# Brakes



## JLL (Sep 12, 2017)

DanoJ said:


> I just recently got my 2014 Cruze and was given a set of pads and roaters for it. Now I'm going to have my breaks done and have to get another set of pads and roaters. My question is are the pads the same on the front as they are the back?
> 
> 
> Thanks!


Welcome to the forum!

To answer you question, most vehicles have different brake pads and rotors in the front than they do in the rear.


----------



## jblackburn (Apr 14, 2012)

Definitely different. Some models have rear drums (LS, 1LT, Eco) and some have rear discs (2LT, LTZ, Diesel). A 2LT is a LT with leather seats


----------



## 15CruzeTD (Oct 23, 2019)

Welcome.

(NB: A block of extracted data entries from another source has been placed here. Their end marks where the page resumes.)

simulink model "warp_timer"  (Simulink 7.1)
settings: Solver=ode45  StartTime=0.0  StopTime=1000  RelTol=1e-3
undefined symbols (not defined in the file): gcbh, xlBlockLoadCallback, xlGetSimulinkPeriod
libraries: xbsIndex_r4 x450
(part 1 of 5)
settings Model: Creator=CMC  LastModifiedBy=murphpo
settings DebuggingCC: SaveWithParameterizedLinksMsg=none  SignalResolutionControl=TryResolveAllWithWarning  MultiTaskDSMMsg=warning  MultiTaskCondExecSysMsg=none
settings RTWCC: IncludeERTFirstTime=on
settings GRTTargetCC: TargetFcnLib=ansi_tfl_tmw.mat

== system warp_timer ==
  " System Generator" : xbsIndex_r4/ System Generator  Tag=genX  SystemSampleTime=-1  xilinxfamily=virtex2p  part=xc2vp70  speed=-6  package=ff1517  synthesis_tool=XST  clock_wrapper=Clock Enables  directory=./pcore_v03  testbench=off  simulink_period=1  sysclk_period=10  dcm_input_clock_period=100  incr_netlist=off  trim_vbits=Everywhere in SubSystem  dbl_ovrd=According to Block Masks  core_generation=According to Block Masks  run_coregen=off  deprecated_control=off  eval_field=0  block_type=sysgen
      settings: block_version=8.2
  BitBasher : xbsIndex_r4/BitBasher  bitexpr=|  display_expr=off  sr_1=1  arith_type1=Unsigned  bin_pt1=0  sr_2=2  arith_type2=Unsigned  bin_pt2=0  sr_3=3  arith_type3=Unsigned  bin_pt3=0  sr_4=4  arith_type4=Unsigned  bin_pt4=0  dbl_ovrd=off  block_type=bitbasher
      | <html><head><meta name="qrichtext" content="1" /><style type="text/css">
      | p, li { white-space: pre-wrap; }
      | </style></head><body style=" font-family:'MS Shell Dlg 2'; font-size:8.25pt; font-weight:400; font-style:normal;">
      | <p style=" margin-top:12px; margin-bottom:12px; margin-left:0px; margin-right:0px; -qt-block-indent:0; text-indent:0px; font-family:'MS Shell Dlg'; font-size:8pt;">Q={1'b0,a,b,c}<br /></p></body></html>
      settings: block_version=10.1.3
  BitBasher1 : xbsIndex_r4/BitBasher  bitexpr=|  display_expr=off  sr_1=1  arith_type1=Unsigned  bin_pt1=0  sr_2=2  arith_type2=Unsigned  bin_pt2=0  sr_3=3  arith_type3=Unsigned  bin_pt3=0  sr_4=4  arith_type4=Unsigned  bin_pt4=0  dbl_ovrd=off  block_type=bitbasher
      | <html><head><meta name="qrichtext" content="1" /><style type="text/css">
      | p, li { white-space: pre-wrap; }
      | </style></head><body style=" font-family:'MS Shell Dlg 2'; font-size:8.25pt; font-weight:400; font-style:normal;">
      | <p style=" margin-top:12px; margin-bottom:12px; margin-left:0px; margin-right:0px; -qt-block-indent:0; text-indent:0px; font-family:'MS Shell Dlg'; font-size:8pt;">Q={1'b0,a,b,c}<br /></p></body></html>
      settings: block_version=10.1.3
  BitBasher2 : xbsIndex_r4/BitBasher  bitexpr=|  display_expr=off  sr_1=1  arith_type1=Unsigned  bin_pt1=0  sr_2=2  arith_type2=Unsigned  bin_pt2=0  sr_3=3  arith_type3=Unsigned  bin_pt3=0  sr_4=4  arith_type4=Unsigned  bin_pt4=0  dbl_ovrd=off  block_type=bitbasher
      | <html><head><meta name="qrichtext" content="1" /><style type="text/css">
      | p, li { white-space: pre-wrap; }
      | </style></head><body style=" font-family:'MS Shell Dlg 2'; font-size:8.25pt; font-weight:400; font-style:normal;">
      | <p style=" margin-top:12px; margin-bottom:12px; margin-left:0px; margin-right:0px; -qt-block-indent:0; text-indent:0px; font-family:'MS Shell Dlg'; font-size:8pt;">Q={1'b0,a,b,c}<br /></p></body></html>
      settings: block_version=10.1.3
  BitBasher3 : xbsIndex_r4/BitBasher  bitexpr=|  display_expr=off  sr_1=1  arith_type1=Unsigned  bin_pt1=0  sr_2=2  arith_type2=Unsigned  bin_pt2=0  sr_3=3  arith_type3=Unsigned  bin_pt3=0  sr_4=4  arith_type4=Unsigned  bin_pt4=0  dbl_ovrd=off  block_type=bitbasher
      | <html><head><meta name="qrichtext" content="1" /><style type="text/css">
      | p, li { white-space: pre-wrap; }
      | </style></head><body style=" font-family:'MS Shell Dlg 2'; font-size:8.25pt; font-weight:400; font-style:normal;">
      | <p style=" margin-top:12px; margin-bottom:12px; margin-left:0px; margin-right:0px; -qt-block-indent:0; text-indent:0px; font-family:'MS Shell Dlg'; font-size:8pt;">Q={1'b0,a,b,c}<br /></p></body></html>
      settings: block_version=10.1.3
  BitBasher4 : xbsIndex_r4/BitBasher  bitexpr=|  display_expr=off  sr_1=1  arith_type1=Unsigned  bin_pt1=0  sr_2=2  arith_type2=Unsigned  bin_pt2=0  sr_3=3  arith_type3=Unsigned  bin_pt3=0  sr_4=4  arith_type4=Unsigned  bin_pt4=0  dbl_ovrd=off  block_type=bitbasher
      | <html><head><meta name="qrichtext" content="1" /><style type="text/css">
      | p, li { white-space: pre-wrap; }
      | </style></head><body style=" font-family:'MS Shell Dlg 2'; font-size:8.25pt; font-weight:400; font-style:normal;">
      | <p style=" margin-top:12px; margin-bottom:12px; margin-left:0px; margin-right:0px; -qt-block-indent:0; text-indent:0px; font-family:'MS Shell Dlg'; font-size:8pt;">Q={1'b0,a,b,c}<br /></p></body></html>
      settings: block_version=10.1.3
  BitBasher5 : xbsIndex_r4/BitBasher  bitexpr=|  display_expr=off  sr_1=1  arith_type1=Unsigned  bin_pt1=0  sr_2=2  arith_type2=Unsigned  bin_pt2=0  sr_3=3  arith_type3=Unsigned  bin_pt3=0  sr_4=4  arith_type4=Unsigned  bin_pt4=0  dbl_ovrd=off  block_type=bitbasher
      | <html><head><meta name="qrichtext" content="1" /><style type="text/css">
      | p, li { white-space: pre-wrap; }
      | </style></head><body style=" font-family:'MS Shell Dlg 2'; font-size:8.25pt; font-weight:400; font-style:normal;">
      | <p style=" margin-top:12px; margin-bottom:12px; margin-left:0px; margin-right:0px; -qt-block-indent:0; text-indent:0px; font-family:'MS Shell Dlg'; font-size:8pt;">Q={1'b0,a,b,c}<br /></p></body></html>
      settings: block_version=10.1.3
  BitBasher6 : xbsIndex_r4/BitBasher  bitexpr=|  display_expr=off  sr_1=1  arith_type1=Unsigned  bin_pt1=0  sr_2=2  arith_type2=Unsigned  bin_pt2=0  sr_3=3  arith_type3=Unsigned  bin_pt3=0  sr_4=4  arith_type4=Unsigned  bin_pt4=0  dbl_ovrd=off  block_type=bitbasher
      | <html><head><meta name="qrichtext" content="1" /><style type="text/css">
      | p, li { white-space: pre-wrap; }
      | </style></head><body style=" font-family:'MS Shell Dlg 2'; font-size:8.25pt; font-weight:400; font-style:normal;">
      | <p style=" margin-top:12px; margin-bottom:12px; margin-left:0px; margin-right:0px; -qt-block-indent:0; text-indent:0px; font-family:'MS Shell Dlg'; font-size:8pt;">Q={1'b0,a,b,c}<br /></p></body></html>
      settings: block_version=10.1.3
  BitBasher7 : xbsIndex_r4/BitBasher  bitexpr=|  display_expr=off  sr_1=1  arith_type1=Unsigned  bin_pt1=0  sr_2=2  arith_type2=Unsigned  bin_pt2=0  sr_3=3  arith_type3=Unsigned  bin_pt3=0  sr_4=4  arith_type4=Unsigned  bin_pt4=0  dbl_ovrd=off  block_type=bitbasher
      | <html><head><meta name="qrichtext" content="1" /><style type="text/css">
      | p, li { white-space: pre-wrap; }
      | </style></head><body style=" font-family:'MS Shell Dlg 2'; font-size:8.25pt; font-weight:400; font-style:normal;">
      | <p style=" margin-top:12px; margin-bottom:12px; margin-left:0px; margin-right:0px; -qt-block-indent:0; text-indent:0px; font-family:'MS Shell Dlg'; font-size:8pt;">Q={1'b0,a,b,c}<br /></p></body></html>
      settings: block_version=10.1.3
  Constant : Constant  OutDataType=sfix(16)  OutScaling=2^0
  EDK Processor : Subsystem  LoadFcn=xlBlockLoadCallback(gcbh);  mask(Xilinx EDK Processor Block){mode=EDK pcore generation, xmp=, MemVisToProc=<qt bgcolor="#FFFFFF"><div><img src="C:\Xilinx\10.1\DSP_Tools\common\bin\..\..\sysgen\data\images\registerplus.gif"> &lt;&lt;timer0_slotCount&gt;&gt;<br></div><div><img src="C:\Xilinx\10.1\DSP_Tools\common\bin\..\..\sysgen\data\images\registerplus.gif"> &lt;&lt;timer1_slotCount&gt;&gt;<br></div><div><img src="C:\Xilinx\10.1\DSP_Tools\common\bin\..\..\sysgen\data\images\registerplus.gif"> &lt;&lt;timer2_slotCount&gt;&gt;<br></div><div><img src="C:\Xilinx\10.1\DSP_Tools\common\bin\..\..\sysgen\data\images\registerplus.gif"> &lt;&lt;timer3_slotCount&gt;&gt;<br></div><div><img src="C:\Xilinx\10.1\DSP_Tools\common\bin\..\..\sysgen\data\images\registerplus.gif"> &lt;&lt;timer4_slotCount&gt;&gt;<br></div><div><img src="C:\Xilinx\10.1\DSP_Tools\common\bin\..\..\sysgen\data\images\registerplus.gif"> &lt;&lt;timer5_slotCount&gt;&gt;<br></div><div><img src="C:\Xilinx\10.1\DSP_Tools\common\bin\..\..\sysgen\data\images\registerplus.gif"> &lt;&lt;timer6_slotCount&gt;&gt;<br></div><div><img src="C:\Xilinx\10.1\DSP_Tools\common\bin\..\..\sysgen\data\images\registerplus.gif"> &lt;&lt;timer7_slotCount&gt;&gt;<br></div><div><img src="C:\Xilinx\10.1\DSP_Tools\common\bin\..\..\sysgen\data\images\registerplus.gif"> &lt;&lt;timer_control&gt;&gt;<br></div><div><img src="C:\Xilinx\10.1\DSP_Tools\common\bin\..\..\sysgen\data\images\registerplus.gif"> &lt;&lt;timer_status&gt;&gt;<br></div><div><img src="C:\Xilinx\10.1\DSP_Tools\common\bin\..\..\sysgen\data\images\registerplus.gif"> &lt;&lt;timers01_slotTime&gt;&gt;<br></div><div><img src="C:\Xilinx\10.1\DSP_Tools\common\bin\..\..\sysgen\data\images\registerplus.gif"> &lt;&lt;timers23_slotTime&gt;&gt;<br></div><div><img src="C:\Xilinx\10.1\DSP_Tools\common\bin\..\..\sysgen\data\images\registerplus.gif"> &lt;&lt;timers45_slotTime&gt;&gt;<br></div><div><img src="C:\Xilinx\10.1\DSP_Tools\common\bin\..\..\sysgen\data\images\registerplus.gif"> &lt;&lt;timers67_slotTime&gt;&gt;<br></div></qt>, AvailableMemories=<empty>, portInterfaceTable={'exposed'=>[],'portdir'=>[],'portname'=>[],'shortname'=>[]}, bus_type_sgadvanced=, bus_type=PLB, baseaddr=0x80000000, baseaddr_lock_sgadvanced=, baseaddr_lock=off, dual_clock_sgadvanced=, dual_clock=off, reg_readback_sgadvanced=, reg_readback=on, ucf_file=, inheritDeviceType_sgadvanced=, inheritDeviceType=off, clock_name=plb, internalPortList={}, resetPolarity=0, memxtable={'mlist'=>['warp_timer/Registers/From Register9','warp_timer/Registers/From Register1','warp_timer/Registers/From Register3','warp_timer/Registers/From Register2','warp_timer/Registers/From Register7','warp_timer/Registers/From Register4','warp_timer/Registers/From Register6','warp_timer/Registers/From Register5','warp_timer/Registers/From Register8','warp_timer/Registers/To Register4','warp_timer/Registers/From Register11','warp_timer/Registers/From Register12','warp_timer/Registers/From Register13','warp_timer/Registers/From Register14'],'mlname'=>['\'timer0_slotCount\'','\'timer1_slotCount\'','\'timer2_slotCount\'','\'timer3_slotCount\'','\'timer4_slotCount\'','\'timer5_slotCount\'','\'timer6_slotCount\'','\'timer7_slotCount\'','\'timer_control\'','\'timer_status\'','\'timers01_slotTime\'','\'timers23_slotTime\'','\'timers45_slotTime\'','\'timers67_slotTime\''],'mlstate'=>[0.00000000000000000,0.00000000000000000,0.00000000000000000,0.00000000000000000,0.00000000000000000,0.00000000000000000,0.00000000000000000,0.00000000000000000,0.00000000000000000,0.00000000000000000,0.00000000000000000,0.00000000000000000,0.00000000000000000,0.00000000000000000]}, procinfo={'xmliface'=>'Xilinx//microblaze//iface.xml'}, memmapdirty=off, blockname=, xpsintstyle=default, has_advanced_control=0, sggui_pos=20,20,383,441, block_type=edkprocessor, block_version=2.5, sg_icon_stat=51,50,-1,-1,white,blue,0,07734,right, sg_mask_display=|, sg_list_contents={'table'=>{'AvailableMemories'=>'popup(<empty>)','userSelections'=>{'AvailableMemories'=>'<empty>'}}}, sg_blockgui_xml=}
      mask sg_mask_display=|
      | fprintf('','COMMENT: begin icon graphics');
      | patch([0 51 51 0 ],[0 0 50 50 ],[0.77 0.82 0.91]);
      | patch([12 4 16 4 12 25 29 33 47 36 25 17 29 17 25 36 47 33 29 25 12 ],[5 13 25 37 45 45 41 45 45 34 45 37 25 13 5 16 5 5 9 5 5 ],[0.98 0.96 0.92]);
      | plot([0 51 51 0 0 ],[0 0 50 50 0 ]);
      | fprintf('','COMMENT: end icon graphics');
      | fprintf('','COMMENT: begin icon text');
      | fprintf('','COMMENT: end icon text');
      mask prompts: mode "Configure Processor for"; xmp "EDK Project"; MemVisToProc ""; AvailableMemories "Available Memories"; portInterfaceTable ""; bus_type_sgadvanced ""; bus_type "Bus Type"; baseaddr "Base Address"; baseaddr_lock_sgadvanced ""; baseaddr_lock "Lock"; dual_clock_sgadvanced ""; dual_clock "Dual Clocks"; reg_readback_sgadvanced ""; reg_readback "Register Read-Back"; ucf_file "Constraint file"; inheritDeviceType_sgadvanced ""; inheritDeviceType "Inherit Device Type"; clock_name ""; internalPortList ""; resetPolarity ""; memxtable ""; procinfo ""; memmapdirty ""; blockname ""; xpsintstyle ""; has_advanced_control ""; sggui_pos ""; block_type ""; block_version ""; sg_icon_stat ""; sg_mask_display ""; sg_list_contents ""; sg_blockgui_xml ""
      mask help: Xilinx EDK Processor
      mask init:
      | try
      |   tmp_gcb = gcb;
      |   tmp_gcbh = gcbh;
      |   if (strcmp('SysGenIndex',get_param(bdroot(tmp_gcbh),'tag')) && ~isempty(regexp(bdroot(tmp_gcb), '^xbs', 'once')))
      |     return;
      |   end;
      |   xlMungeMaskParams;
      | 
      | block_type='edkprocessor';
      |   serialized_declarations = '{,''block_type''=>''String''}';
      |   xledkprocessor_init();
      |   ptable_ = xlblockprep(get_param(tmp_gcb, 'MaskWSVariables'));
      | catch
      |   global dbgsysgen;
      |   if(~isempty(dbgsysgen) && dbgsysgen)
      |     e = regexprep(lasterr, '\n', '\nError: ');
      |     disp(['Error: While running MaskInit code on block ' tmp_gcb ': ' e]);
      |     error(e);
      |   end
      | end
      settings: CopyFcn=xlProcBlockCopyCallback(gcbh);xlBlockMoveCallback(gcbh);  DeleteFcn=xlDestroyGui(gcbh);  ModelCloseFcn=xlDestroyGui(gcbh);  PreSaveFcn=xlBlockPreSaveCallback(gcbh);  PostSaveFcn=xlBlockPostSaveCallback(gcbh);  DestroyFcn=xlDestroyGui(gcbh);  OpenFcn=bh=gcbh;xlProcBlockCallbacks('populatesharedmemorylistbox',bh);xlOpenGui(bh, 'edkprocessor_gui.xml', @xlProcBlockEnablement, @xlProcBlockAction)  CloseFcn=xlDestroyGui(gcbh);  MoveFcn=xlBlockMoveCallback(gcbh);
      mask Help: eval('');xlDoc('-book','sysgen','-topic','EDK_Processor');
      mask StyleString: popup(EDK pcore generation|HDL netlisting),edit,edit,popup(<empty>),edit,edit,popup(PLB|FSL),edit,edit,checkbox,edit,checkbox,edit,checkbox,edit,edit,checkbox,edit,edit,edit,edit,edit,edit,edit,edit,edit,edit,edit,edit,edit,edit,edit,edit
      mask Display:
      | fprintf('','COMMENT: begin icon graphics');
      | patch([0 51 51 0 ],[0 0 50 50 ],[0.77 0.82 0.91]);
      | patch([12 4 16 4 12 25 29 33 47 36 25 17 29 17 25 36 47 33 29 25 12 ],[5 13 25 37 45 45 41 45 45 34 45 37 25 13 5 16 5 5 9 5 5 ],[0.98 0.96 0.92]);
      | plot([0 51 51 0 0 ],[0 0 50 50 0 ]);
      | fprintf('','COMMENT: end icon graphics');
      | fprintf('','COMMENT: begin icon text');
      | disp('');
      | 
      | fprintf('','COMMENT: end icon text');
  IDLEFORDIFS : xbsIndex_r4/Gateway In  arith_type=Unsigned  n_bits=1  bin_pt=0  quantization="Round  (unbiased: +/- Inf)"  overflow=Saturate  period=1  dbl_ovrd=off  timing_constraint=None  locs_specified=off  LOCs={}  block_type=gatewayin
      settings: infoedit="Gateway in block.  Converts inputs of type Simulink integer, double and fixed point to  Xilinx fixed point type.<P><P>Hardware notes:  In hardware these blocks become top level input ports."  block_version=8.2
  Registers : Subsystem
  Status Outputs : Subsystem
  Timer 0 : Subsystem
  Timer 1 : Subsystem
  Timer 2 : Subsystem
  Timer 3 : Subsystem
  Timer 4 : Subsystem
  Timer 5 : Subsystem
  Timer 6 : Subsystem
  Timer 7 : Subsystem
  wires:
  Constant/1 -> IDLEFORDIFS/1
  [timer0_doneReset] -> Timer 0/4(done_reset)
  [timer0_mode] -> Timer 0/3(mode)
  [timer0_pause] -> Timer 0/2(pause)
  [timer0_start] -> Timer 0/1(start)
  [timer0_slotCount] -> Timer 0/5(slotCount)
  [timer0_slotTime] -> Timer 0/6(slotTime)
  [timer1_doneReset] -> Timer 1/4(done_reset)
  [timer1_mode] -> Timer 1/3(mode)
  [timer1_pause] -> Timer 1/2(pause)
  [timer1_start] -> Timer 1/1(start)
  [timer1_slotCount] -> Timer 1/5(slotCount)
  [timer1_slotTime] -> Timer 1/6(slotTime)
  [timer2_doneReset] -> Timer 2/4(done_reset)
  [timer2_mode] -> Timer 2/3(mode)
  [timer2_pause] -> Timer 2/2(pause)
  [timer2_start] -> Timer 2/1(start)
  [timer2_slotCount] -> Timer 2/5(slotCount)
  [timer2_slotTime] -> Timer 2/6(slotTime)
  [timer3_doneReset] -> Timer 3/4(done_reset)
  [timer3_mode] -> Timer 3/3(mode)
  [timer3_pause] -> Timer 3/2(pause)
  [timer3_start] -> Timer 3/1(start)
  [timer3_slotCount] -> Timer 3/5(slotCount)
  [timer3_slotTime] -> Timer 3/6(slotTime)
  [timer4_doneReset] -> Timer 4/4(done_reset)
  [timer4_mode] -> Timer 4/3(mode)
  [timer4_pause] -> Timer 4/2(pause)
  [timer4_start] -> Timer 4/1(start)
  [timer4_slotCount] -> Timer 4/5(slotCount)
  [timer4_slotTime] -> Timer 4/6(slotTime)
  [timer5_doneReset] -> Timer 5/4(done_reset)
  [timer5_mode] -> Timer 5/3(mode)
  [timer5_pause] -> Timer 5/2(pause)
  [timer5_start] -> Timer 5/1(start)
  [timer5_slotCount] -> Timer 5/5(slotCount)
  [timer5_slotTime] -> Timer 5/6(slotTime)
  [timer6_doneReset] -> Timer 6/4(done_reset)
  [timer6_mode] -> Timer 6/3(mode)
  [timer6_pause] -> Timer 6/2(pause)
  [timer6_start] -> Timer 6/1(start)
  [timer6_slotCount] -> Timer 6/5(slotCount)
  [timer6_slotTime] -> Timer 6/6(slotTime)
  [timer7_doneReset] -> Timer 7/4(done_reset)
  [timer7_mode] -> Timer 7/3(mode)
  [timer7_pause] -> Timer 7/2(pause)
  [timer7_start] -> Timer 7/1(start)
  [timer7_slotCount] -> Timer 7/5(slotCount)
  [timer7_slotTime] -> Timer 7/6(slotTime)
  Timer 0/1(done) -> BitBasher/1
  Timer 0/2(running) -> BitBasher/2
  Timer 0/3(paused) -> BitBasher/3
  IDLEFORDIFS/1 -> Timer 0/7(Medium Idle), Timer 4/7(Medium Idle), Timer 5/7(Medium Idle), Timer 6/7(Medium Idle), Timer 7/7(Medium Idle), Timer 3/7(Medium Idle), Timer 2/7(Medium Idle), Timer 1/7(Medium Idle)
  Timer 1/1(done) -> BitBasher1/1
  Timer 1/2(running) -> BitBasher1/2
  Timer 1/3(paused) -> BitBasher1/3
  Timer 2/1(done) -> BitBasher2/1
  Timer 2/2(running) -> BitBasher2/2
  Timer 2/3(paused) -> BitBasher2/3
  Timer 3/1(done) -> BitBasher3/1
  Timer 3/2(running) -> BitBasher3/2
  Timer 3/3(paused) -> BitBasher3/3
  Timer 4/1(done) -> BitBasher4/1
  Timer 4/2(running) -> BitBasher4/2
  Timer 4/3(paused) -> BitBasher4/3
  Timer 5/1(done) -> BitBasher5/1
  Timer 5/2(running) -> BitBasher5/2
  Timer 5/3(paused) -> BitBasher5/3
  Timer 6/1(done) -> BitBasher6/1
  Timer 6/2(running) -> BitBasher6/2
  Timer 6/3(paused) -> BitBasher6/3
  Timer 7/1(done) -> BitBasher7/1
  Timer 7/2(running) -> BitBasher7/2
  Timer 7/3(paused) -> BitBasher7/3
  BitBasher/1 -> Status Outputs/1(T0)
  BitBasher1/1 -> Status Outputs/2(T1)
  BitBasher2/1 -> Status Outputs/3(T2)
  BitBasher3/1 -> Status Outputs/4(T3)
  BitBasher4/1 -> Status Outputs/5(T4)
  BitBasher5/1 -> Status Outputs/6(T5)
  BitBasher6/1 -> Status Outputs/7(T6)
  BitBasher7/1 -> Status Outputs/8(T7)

We would love to see some pictures of your car if you get a chance.


----------



## Blasirl (Mar 31, 2015)

DanoJ said:


> I just recently got my 2014 Cruze and was given a set of pads and roaters for it. Now I'm going to have my breaks done and have to get another set of pads and roaters. My question is are the pads the same on the front as they are the back?
> 
> 
> Thanks!


Welcome Aboard!

Don't forget to introduce yourself and your Cruze here.


----------



## Patman (May 7, 2011)

How many miles? If you have drums in the rear I would definitely recommend adjusting them. Remove drums w T30 spin the star wheel up 5-7 clicks using a regular screw driver.


----------